Adding Tasks Dynamically
When adding tasks for a DAG run will make it appear (in the UI) that all DAG
runs before when that task never ran that task all. The will have a None state
and the DAG run will be set to success or failed depending on the outcome
of the DAG run.
Removing Tasks Dynamically
If your dynamic DAG ever removes tasks you will lose the ability to review history of the DAG. For example, if you run a DAG with task_x in the first 20 DAG runs but remove it after that, it will fail to show up in the UI until it is added back into the DAG.
Idempotency and Airflow
Airflow works best when the DAG runs are idempotent. This means that re-running any DAG Run should have the same affect no matter when you run it or how many times you run it. Dynamic DAGs in Airflow break idempotency by adding and removing tasks to previous DAG runs so that the results of re-running are not the same.
Solution Options
You have at least two options moving forward
1.) Continue to build your SFTP DAG dynamically, but create another DAG that writes the available SFTP files to a local file (if not using distributed executor) or an Airflow Variable (this will result in more reads to the Airflow DB) and build your DAG dynamically from that.
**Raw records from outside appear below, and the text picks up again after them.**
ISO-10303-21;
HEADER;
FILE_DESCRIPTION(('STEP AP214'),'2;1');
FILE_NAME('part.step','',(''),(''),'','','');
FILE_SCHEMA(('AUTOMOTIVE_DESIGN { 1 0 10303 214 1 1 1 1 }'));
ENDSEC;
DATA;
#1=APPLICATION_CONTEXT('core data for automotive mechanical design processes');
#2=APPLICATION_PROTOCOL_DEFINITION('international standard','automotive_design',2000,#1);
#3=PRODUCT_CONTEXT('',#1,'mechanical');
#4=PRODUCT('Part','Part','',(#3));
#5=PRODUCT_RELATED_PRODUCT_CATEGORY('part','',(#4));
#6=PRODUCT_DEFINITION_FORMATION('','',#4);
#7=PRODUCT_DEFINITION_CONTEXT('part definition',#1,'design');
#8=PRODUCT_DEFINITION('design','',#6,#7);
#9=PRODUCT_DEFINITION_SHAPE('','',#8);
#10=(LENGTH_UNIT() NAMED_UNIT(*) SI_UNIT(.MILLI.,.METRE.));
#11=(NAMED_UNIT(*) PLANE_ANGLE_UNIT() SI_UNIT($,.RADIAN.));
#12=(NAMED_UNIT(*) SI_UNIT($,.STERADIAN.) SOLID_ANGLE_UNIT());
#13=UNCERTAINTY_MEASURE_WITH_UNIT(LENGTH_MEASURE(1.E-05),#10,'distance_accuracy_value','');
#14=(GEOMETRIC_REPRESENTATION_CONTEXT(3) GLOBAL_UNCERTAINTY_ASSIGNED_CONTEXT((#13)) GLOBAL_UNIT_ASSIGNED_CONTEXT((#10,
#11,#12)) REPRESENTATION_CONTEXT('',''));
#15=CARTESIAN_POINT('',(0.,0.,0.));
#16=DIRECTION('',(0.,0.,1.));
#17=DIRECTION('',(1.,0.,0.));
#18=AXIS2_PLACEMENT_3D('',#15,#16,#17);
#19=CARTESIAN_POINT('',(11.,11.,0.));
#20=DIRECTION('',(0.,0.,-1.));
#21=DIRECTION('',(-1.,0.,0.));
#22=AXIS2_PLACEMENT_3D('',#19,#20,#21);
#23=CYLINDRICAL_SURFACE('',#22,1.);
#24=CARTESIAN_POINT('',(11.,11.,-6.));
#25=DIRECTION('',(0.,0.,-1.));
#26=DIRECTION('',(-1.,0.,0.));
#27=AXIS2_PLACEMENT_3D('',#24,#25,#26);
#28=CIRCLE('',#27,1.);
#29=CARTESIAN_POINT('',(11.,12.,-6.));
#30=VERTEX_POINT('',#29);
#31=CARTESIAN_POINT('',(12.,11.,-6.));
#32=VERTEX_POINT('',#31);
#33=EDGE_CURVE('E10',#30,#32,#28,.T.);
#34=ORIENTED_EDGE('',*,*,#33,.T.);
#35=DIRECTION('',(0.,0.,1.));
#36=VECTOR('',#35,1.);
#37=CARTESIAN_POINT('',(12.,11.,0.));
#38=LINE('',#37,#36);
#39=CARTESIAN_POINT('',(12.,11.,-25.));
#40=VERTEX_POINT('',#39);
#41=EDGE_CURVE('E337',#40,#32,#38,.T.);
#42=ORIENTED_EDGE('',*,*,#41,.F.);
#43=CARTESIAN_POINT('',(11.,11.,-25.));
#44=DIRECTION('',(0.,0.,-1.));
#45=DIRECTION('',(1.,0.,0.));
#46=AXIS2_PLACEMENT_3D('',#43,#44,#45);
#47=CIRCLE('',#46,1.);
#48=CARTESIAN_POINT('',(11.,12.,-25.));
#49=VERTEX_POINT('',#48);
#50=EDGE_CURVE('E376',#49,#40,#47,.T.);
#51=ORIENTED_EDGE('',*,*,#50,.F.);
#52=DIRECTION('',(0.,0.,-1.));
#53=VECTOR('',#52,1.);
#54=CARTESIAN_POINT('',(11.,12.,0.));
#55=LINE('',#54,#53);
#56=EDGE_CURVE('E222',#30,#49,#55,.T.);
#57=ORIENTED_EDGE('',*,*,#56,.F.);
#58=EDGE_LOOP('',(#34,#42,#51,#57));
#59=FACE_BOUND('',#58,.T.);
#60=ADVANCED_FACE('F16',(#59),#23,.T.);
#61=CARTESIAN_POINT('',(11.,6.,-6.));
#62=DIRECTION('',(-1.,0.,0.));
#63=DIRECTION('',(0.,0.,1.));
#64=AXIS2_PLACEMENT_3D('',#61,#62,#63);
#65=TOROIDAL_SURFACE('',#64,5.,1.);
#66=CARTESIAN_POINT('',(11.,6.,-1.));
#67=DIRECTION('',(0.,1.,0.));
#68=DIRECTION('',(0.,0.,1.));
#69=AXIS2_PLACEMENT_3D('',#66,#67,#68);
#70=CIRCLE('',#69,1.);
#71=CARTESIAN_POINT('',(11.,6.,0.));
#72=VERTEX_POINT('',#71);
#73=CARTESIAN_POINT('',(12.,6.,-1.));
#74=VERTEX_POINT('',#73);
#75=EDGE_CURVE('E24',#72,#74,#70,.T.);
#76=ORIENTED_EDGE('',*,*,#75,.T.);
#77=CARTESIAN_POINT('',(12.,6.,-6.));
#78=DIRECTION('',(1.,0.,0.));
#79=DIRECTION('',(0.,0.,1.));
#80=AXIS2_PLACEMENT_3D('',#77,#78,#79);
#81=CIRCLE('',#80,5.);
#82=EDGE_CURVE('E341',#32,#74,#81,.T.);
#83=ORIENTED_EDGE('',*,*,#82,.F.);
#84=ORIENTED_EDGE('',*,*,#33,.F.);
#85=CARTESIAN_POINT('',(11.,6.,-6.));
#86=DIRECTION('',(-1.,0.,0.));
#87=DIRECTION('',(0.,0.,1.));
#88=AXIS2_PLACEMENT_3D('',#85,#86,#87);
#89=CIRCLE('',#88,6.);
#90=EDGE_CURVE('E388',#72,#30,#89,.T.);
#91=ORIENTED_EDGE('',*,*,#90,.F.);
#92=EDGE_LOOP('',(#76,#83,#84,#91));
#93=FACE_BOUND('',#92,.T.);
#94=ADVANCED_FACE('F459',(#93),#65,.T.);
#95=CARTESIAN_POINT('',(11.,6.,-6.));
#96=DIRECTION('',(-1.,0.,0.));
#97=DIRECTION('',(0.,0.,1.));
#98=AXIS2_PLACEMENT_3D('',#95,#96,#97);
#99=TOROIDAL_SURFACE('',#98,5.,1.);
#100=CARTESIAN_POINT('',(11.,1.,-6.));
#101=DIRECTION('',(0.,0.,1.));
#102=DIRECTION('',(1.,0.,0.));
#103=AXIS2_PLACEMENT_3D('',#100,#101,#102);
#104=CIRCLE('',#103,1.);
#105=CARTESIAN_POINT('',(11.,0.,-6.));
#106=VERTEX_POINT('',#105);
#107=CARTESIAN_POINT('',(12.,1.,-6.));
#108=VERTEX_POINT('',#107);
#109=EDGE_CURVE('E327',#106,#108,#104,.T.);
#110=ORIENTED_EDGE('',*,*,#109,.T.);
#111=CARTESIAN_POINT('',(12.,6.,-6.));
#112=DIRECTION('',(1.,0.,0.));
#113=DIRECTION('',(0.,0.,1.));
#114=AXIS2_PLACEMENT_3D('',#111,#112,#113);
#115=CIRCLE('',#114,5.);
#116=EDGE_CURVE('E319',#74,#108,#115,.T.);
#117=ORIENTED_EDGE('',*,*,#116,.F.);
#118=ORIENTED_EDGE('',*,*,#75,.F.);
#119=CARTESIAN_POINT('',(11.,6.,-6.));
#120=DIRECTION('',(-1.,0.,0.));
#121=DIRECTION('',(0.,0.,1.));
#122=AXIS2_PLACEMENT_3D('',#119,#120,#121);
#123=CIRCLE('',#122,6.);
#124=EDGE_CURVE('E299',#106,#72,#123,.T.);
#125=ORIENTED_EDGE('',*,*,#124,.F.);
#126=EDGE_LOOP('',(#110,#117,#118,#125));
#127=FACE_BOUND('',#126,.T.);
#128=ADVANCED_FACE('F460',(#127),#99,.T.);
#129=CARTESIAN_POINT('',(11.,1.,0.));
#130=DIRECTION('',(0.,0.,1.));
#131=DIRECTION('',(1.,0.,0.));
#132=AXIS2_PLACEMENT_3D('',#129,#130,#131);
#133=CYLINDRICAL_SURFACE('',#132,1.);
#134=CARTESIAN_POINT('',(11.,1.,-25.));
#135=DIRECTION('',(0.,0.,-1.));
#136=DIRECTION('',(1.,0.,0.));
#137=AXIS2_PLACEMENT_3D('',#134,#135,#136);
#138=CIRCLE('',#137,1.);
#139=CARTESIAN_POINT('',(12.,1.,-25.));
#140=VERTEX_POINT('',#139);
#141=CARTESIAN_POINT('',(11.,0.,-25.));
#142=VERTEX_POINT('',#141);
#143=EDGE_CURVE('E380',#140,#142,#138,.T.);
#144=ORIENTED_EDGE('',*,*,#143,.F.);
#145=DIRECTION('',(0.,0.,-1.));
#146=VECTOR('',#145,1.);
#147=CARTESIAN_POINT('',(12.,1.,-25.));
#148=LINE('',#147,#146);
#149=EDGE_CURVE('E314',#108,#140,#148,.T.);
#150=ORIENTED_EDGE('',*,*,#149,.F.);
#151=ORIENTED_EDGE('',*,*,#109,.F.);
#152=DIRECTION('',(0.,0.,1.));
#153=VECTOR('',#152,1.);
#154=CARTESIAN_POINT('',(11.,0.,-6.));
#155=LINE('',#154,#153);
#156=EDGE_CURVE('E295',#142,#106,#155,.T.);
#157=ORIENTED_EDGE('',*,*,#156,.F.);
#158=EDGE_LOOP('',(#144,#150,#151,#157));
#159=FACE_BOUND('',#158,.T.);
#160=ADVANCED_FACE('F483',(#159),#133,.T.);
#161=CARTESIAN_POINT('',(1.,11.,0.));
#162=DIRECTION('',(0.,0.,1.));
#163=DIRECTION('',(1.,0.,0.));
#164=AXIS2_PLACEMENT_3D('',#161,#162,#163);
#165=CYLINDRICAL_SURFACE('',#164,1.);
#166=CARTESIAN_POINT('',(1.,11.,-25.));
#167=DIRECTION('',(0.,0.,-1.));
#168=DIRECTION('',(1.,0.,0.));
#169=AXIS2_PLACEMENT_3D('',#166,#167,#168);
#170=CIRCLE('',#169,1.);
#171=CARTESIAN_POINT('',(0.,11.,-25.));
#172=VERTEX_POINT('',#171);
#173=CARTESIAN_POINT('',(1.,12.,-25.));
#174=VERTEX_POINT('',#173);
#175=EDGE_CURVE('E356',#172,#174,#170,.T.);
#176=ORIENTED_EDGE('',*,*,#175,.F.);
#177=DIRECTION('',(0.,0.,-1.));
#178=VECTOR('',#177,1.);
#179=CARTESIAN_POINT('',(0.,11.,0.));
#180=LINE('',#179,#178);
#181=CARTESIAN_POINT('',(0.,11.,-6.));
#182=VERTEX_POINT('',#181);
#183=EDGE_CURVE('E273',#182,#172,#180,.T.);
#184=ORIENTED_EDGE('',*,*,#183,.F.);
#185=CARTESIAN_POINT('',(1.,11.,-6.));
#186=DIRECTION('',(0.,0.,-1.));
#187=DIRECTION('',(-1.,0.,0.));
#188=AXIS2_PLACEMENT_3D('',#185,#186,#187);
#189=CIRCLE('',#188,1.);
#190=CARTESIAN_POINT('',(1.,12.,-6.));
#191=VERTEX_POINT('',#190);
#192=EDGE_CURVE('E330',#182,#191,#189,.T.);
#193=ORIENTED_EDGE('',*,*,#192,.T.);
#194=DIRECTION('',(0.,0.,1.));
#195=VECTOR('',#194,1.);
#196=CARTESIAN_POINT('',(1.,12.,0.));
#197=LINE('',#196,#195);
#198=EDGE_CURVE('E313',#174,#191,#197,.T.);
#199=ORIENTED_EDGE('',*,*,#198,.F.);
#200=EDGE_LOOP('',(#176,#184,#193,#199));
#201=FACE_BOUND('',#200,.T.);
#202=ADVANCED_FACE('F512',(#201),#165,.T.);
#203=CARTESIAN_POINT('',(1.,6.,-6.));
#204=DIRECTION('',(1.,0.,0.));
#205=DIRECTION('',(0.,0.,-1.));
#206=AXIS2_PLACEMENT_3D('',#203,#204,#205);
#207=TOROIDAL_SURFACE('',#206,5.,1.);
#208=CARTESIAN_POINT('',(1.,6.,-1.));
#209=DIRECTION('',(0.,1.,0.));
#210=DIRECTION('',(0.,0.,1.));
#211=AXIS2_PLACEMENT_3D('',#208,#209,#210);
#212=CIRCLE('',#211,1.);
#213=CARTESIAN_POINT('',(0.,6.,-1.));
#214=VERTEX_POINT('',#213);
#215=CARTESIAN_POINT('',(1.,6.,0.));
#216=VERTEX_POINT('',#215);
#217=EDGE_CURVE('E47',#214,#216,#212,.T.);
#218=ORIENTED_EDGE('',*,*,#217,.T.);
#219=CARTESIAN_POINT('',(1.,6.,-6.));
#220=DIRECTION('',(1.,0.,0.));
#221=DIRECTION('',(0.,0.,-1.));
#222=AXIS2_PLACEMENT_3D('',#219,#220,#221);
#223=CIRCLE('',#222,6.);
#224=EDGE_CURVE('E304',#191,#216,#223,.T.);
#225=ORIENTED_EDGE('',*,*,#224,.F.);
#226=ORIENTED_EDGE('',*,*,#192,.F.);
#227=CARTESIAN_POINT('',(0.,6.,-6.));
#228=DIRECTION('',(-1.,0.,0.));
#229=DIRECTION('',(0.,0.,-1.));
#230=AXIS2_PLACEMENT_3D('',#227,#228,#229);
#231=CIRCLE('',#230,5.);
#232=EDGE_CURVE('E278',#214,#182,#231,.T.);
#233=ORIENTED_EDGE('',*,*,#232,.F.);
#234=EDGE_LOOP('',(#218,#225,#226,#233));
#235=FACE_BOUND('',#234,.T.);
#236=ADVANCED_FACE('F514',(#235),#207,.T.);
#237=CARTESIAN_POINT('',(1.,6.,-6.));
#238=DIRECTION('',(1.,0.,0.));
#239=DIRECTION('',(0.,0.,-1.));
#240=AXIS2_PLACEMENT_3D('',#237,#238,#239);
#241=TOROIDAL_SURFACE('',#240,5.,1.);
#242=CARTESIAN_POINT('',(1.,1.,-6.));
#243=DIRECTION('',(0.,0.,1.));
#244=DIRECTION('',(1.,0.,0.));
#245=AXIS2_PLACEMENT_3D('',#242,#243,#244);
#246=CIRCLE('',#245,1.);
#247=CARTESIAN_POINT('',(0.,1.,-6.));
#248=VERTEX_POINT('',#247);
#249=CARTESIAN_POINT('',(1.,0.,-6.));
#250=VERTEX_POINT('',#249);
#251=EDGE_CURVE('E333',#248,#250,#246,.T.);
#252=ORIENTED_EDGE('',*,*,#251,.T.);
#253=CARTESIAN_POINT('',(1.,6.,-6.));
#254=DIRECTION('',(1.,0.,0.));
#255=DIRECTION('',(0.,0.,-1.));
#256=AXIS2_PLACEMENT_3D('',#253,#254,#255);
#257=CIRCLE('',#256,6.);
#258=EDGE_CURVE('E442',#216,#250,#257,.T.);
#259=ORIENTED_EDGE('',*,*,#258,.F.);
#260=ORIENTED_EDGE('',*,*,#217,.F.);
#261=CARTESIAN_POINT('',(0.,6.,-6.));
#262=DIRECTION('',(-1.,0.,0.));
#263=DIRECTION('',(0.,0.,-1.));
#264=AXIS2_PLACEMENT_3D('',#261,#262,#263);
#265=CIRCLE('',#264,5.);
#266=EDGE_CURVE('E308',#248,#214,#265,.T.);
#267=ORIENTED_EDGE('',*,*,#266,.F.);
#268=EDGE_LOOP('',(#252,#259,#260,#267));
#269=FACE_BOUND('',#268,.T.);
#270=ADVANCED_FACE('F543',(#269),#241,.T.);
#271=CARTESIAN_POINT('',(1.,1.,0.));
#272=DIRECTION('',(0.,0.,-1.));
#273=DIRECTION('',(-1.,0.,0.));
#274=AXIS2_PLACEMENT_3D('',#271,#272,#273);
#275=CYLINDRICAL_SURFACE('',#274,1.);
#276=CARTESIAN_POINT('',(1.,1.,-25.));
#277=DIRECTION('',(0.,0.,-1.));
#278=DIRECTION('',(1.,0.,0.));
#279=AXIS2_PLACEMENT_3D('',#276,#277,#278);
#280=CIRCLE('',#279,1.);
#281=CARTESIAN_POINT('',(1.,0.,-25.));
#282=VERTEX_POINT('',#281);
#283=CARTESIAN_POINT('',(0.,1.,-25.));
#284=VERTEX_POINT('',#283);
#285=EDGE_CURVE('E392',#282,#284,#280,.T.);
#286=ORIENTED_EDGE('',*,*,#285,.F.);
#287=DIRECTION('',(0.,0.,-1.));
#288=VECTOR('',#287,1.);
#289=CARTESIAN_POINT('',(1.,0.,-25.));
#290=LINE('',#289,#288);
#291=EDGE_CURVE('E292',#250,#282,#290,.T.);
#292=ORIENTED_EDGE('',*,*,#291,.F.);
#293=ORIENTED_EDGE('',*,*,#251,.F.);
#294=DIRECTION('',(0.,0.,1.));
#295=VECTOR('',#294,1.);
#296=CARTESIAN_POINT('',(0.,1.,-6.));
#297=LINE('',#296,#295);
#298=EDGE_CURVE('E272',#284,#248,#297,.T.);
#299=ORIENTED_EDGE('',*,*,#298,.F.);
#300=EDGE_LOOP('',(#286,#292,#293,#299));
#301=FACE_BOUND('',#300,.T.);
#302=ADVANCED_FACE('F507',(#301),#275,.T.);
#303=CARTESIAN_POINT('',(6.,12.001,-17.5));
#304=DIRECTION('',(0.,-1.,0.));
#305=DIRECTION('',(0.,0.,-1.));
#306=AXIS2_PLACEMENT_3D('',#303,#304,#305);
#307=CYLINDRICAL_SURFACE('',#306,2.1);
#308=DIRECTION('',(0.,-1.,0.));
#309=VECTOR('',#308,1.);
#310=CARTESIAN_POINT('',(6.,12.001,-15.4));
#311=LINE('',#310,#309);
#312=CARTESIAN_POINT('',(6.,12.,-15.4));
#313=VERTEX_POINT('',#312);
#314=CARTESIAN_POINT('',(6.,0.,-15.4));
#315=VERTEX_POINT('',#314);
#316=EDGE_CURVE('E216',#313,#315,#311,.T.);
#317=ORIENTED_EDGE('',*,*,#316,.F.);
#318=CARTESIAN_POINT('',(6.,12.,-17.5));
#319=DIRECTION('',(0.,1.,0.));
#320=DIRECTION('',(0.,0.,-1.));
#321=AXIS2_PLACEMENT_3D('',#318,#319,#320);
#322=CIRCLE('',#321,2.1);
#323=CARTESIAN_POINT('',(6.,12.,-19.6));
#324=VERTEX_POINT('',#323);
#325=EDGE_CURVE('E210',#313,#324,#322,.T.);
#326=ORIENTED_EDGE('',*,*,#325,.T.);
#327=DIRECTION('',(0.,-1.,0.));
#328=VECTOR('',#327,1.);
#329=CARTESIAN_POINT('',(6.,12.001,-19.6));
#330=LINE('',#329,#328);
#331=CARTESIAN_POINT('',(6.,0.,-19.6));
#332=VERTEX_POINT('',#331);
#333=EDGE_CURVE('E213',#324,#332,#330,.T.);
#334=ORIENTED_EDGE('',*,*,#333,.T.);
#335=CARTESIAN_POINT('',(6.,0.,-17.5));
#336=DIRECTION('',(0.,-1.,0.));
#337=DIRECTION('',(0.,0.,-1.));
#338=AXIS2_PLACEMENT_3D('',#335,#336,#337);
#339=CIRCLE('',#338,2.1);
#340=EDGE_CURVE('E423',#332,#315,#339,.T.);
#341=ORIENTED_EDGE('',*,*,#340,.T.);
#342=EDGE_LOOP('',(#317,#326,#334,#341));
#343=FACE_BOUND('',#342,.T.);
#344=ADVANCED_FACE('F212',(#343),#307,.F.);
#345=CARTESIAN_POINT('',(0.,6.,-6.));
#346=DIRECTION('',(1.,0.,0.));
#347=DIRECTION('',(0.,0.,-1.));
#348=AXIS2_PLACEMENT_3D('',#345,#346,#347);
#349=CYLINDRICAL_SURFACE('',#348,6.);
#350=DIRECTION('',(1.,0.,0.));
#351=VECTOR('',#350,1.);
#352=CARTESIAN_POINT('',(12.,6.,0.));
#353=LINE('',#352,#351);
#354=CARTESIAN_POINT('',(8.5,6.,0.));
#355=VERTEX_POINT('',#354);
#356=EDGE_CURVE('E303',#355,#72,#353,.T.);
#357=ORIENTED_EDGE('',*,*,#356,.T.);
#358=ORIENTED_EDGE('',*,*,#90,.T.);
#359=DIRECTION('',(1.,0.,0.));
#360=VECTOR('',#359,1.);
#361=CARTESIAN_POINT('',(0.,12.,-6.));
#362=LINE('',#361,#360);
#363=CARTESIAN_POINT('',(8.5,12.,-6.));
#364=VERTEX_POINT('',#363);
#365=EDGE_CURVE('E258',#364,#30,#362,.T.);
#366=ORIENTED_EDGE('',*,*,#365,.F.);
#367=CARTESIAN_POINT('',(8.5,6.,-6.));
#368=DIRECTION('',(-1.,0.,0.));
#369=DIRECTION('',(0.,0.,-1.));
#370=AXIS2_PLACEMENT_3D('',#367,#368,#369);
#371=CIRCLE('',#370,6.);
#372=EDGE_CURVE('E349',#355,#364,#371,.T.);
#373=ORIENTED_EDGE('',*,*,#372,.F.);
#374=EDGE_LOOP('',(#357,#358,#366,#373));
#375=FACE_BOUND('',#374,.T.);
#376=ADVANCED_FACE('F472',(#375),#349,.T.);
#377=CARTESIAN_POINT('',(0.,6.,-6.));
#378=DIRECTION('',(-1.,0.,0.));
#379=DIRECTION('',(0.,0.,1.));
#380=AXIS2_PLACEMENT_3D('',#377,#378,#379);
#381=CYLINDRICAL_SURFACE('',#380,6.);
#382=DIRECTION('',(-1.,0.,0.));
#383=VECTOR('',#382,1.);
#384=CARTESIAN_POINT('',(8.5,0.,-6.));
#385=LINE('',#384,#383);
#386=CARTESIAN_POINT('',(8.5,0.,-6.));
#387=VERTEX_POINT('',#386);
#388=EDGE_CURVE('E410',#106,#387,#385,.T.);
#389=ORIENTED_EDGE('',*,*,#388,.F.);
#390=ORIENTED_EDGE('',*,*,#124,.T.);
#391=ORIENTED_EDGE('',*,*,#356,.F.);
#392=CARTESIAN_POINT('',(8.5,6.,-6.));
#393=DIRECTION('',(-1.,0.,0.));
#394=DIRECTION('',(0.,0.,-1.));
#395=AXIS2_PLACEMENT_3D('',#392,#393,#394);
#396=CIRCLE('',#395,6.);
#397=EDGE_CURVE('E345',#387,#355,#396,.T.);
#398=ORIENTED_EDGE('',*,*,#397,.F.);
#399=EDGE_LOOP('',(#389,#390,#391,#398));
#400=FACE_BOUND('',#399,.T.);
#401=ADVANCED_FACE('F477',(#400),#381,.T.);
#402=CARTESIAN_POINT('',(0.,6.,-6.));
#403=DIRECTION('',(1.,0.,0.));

2.) Overload the SFTPOperator to take a list of files so that every file that exist is processed within a single task run. This will make the DAGs idempotent and you will maintain accurate history through the logs.
I apologize for the extended explanation, but you're touching on one of the rough spots of Airflow and I felt it was appropriate to give an overview of the problem at hand.